Prove the irrationality of $0.235711131719...$ How can I prove that the number formed by concatenating the primes in order i.e. $0.235711131719...$ is irrational.
I know I have to demonstrate that it has no period, but I'll be so thankful if someone can explain very clear, including all cases.
 A: $0.23571113...$ is known as the Copeland–Erdős constant and it is given by: $$
    \displaystyle \sum_{n=1}^\infty p_n 10^{-\left( n + \sum\limits_{k=1}^n \left\lfloor \log_{10}{p_k}\right\rfloor \right)} .$$ Here are two proofs given in Hardy's book An Introduction to the Theory of Numbers (p. 113) that shows that it is irrational:
$\phantom{}1)$ Let us assume that any arithmetical progression of the form $$k10^{\,s+1}+1\quad(k=1,2,3,\ldots)$$ contains
primes. Then there are primes whose expressions in the decimal
system contain an arbitrary number $s$ of $\rm O$ 's, followed by a $1$. Since
the decimal
contains such sequences,
it does not terminate or recur.
$\phantom{}2)$ Let us assume that there is a prime between $N$ and $10N$ for every
$N \geqslant 1$. Then, given $s$, there are primes with just $s$ digits. If the decimal recurs, it is of the form  $$... a_
1 a_ 2 ...a_ k |a_ 1 a_ 2 ...a_ k |...$$ the bars indicating the period, and the first being placed where the
first period begins. We can choose $l\gt1$ so that
all primes with $s = kl$
digits stand later in the decimal than the first bar. If $p$ is the first such
prime, then it must be of one of the forms  $$p = a_ 1 a_ 2 ...a_ k |a_ l a_ 2 ...a _k| ...|a _1 a_ 2 ...a_ k$$
or $$p
=
a_ {m+1} ..a_ k| a _1 a_ 2 ...a_ k| ...|a_ l a _2 ...a _k| a _l a _2 ...a_ m$$
and is divisible by $a$, $a_2 ...a_k$ or by $a_{m+1} ..a_k a$, $a_2 ...a_m$
: a contradiction.
The first proof follows from a special case of Dirichlet's theorem and the second from a theorem stating that for every $N\geqslant1$ there is at least one prime satisfying $N <
p\leqslant2N$. It
follows, a fortiori, that $N < p < 10N$.
A: Suppose this were to start repeating after some point with a period $N$. Beyond this point, for any $k$ there are at most $N$ different strings of length $k$ appearing in the repeating part. So it is enough to show that for large values of $k$  we have more than $N$ primes with $k$ digits. The prime number theorem tells us to expect the number of primes with $k$ digits to be on the order of $\frac{10^k}{k}$, so in particular for $k >> 0$ we can make this bigger than any $N$.

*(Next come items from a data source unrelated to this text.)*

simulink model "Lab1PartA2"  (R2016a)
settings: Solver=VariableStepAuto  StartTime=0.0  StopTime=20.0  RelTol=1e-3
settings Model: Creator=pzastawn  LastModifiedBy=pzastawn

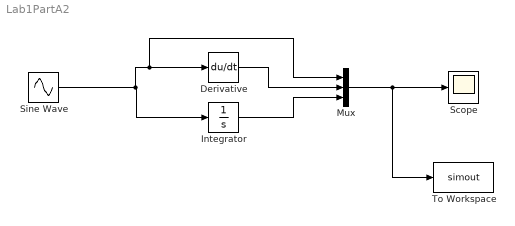
== system Lab1PartA2 ==
  Derivative : Derivative
  Integrator : Integrator
  Mux : Mux  Inputs=3
  Scope : Scope
  Sine Wave : Sin  Frequency=1.257  SampleTime=0
  To Workspace : ToWorkspace  VariableName=simout  SaveFormat=Timeseries  SampleTime=-1
  wires:
  Sine Wave/1 -> Mux/1, Derivative/1, Integrator/1
  Mux/1 -> To Workspace/1, Scope/1
  Derivative/1 -> Mux/2
  Integrator/1 -> Mux/3

A: Suppose this number is eventually periodic with a period length of $L$. Then eventually we have infinitely many primes in the sequence such that $P > 10^L$, and for some $P$, $10^{nL} > P \geq 10^{nL - 1}$ (in other words we can find a prime whose digit length is nL, a multiple of L)$^{[1]}$. Then since P has a digit length which is a multiple of L, we can write:
$$P = R \cdot 10^{L(n - 1)} + R \cdot 10^{L(n - 2)} + \cdots + R$$
Where $R$ is the repeating sequence. But then $R|P$, and $P$ is not prime, a contradiction.
[1] This is justified by Bertrand's postulate, see the comments in this answer.
A: Not really formal but should point you in the right direction. Well let's suppose there is a period. Then the period would be $n$ digits long. Now I can find a prime that is longer than $n$ and therefore I cannot have a finite period. 
A: We use Dirichlet's Theorem on primes in arithmetic progressions. Let $A_k$ be the number whose decimal expansion consists of $k$ consecutive $1$'s. The numbers $A_k$ and $10^{k+1}$ are relatively prime. It follows by Dirichlet's Theorem that there are infinitely many primes of the shape $A_k +n\cdot 10^{k+1}$. Such a prime has $k$ consecutive $1$'s at the left end of its decimal expansion.
Thus your number has strings of consecutive $1$'s of arbitrary length. By another simpler application of Dirichlet's Theorem, the number has non-$1$'s arbitrarily far in its decimal expansion. Thus the decimal expansion cannot be ultimately periodic.